Several O.C. Agencies Face SEC Charges
In a warning to local governments nationwide, federal regulators accused Irvine, Anaheim and four Orange County school agencies Tuesday of misleading investors about the risks of municipal bonds issued in the years before the county’s fiscal collapse.
The securities, issued in 1993 and 1994, later became infamous as “casino bonds”--financing to provide funds to speculate with rather than for streets, sewers or classrooms.
The cities and schools failed to disclose that the $508 million in bond funds was pumped straight into Orange County’s treasury in hopes of a quick profit, the Securities and Exchange Commission said.
The SEC also said bond investors were never warned of the risks taken by former county Treasurer Robert L. Citron, or of the treasury’s losses as 1994 wore on.
After years of high returns, Citron’s bets on low interest rates lost $1.64 billion by December 1994, plunging the county into the nation’s biggest municipal bankruptcy. Bond investors eventually were repaid, but the county and 200 cities, schools and local agencies have yet to recoup their losses.
The cases are the latest in a series brought by the SEC, which said its Orange County investigation is nearly complete but could still yield additional charges.
The SEC’s former regional head in Los Angeles, Elaine Cacheris, said a priority for the agency in recent years has been to hold municipalities to the same standards in issuing securities as private companies.
The SEC is seeking a cease-and-desist order barring the cities and school agencies from future securities violations. But the commission is not seeking financial penalties.
One school system, Newport-Mesa Unified School District, settled by promising to make full disclosures in the future. The district, which admitted no wrongdoing, settled to avoid a costly legal battle, Supt.

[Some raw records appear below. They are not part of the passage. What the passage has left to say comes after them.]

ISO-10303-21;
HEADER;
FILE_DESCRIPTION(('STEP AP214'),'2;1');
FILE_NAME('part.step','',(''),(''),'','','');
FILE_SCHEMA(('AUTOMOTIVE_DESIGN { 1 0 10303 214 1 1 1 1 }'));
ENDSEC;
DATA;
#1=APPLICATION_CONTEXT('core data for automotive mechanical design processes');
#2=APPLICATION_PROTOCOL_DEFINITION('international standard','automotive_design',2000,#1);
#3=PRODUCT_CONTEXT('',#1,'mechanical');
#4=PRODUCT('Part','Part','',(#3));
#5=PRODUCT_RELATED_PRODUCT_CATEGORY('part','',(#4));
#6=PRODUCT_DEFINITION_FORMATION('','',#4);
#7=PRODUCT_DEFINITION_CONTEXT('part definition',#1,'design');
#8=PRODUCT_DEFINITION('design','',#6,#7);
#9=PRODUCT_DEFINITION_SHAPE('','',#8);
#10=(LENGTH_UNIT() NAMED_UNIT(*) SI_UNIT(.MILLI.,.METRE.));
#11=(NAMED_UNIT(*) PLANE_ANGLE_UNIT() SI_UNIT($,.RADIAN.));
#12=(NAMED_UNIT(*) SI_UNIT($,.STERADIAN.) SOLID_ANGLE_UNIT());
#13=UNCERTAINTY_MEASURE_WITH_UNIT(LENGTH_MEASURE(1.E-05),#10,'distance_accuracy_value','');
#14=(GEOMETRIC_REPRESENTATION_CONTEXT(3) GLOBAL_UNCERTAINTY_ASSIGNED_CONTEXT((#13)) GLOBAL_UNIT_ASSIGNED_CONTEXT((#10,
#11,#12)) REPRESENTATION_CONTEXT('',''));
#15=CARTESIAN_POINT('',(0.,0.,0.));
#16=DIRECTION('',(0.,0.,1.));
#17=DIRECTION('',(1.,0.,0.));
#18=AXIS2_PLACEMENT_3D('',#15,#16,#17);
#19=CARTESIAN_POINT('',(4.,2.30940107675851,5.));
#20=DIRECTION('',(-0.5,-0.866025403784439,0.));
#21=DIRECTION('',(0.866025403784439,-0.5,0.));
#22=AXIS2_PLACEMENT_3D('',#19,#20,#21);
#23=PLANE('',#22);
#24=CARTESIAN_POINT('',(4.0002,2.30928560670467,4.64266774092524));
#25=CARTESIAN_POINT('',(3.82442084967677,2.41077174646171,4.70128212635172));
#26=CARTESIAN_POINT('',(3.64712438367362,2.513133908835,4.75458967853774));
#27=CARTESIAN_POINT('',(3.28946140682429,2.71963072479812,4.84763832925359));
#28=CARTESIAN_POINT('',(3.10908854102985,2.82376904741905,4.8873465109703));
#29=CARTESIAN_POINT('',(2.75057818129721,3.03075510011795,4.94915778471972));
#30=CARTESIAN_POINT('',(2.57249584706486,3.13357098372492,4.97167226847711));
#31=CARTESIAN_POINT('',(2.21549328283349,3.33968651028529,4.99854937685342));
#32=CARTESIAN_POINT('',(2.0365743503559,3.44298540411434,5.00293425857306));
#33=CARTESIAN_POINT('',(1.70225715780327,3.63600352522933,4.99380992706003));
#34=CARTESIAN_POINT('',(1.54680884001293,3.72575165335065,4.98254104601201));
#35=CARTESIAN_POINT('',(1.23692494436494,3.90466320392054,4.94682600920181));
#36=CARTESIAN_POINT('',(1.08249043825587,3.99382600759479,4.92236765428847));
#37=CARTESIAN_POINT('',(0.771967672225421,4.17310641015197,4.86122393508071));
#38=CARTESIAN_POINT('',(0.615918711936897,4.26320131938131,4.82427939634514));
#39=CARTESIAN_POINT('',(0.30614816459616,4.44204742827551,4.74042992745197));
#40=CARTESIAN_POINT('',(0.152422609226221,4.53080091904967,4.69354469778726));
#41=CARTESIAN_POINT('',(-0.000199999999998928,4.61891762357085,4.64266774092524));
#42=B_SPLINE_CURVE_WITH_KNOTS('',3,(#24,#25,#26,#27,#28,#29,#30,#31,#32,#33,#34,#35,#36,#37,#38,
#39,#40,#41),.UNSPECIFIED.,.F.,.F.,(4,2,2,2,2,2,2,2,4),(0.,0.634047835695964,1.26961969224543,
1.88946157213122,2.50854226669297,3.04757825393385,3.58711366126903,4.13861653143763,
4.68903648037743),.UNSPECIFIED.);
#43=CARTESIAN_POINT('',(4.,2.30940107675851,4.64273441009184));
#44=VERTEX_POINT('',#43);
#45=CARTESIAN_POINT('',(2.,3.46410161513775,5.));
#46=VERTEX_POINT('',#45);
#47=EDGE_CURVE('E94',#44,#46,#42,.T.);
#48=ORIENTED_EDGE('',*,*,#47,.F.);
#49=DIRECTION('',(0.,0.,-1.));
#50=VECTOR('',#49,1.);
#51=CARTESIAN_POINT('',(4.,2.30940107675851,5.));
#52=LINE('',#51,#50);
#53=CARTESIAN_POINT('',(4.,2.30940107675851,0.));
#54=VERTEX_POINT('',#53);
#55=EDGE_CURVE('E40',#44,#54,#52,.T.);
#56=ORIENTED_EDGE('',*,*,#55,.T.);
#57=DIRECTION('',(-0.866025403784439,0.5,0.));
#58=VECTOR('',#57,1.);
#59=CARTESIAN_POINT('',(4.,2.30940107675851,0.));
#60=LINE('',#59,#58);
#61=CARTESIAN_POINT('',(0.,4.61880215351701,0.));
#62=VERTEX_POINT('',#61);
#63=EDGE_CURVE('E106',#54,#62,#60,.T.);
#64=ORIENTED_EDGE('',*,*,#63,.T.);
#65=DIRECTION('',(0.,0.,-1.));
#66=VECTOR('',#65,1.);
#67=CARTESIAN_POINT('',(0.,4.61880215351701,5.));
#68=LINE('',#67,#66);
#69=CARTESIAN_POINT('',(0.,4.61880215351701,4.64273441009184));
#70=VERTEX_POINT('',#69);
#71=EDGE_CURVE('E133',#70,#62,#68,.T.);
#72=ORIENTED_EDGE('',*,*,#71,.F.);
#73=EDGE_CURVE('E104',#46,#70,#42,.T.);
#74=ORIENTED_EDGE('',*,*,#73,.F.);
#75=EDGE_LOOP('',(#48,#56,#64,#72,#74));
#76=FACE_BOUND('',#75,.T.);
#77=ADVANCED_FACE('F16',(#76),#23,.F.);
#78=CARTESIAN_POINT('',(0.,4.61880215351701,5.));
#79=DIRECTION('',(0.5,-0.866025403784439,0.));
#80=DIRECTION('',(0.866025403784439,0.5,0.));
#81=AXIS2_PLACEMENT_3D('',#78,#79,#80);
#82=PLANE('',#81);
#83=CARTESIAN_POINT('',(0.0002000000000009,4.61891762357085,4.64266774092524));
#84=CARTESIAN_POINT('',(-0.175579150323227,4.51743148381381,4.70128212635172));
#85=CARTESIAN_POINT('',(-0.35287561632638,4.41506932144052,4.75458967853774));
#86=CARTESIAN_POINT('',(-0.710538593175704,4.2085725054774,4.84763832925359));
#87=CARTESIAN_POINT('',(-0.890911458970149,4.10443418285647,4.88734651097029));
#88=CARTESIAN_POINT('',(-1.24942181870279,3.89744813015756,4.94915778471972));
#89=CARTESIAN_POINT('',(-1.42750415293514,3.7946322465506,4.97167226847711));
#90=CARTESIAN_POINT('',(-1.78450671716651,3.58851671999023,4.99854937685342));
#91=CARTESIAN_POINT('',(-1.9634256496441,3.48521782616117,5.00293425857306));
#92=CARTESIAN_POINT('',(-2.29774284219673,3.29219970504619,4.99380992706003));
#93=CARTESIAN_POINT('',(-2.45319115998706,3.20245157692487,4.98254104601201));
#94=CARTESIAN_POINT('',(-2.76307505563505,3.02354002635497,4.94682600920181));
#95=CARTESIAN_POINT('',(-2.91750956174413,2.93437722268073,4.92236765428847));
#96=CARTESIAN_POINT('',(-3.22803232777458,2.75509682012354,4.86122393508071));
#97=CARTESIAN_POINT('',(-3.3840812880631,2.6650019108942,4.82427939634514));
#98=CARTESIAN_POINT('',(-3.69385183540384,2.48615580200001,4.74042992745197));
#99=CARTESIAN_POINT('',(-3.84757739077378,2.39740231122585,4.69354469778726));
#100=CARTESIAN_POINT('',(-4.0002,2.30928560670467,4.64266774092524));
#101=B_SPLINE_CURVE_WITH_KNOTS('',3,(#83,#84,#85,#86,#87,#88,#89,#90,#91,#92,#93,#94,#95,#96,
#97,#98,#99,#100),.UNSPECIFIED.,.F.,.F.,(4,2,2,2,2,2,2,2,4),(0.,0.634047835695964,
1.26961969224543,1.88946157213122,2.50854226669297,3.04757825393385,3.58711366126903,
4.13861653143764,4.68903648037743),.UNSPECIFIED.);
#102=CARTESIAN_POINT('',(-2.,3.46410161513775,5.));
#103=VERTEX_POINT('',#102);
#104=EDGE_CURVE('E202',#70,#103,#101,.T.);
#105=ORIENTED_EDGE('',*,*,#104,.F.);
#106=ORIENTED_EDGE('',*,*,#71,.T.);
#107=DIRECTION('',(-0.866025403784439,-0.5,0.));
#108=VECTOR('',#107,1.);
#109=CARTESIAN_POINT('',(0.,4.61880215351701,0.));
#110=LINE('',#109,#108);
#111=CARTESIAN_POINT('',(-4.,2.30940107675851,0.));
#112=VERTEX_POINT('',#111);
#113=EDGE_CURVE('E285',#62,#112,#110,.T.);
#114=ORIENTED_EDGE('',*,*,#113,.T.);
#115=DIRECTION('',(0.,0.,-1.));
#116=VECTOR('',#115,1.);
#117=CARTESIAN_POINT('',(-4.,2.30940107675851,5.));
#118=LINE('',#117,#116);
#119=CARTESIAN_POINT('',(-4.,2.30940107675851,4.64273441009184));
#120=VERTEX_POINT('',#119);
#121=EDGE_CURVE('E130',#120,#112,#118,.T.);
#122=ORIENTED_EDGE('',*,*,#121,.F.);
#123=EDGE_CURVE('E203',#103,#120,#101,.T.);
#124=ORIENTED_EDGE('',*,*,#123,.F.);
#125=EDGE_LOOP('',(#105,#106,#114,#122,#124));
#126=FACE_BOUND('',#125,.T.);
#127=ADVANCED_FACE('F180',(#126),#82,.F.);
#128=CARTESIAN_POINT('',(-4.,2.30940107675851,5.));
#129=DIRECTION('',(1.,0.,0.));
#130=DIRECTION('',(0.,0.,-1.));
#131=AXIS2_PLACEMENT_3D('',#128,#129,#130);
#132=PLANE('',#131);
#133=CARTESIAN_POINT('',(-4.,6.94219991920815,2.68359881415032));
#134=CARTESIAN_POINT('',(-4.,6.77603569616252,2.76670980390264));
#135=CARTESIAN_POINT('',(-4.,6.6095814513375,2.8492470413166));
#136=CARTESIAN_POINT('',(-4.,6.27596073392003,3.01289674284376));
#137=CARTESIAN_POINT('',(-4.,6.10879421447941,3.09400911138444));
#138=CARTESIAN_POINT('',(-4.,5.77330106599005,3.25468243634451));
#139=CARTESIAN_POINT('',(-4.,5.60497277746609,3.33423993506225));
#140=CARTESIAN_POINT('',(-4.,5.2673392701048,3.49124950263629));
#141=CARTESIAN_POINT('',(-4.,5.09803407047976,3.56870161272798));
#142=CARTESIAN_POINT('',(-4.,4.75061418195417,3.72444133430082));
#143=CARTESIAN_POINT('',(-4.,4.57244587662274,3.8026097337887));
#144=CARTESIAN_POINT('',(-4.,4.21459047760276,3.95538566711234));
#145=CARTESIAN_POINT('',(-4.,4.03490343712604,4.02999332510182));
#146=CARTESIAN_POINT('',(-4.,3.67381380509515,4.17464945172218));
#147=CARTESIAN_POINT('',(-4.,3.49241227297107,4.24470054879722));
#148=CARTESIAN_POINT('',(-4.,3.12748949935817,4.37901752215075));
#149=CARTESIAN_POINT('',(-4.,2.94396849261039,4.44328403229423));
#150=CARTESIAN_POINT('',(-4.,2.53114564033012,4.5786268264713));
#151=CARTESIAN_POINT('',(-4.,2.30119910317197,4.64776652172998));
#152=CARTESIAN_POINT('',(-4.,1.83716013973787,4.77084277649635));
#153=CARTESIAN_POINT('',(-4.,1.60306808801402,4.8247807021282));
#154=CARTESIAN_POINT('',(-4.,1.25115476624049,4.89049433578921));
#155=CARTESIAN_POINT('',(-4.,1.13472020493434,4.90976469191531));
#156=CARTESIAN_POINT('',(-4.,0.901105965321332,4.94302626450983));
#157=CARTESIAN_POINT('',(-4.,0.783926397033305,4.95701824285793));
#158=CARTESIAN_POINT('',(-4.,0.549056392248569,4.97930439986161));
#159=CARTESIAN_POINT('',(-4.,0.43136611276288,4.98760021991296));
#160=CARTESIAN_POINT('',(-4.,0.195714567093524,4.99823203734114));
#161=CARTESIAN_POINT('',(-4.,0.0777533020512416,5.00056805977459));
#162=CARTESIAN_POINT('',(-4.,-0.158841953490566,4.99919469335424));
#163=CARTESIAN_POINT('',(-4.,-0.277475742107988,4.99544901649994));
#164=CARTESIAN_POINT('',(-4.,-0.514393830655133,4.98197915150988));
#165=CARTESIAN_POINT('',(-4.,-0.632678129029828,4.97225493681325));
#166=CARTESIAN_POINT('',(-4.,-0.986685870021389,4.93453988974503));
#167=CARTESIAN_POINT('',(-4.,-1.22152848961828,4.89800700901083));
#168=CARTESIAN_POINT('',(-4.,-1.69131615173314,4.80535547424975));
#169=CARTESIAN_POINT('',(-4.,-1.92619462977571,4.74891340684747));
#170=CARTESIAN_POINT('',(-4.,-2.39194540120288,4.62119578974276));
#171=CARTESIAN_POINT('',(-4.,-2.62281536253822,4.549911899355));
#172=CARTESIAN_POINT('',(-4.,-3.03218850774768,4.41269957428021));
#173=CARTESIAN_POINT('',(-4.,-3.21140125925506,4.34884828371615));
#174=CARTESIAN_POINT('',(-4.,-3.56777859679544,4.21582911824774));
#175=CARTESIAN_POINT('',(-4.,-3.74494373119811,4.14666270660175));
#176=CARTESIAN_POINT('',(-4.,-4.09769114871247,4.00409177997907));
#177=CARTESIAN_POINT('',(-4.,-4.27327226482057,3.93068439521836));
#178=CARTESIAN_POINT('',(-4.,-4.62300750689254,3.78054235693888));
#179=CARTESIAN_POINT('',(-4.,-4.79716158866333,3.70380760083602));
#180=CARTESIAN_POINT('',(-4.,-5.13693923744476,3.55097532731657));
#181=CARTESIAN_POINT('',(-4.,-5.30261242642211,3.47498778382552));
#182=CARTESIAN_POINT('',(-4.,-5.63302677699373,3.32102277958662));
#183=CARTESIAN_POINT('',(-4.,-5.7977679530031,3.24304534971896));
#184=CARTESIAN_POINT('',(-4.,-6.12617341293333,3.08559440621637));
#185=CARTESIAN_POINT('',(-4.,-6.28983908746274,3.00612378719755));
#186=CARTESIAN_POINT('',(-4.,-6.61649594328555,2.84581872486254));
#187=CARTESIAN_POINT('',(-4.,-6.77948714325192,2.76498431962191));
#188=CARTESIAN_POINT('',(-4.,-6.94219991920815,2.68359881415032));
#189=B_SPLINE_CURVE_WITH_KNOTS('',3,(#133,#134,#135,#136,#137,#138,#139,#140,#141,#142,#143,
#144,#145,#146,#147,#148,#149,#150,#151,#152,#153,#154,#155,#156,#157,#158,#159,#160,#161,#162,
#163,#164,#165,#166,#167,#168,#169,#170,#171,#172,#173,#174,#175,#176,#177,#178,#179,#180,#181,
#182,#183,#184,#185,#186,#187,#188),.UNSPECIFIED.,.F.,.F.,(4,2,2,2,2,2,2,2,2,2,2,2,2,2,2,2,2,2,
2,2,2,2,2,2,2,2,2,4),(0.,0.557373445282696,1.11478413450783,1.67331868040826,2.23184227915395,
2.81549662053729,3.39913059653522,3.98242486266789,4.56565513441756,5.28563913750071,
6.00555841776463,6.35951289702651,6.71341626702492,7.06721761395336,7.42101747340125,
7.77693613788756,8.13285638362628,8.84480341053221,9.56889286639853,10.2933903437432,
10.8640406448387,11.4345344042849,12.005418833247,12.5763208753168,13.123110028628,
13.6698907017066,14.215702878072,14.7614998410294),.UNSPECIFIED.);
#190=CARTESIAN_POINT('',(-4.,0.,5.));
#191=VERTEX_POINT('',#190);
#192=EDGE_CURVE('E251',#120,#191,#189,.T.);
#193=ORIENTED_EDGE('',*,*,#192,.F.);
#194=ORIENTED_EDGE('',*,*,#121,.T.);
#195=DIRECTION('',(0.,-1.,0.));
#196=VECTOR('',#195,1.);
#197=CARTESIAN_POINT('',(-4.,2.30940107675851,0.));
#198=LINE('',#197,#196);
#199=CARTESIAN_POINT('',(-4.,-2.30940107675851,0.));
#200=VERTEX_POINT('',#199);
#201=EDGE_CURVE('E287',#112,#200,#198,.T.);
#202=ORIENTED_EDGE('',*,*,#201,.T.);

Robert Barbot said.
The others in the case--Irvine Unified School District, North Orange County Community College District, Orange County Board of Education and the two cities--said they will contest the charges.
The school officials “were required to act reasonably,” said James Sanders, a lawyer for the schools. “It’s our position that they have acted reasonably by hiring outside people to prepare the disclosure documents.”
Cacheris said hiring professional advisors “isn’t necessarily enough.”
“An issuer has a responsibility to review the disclosure,” she said. “These issuers should have realized that the information . . . did not square with what they knew.”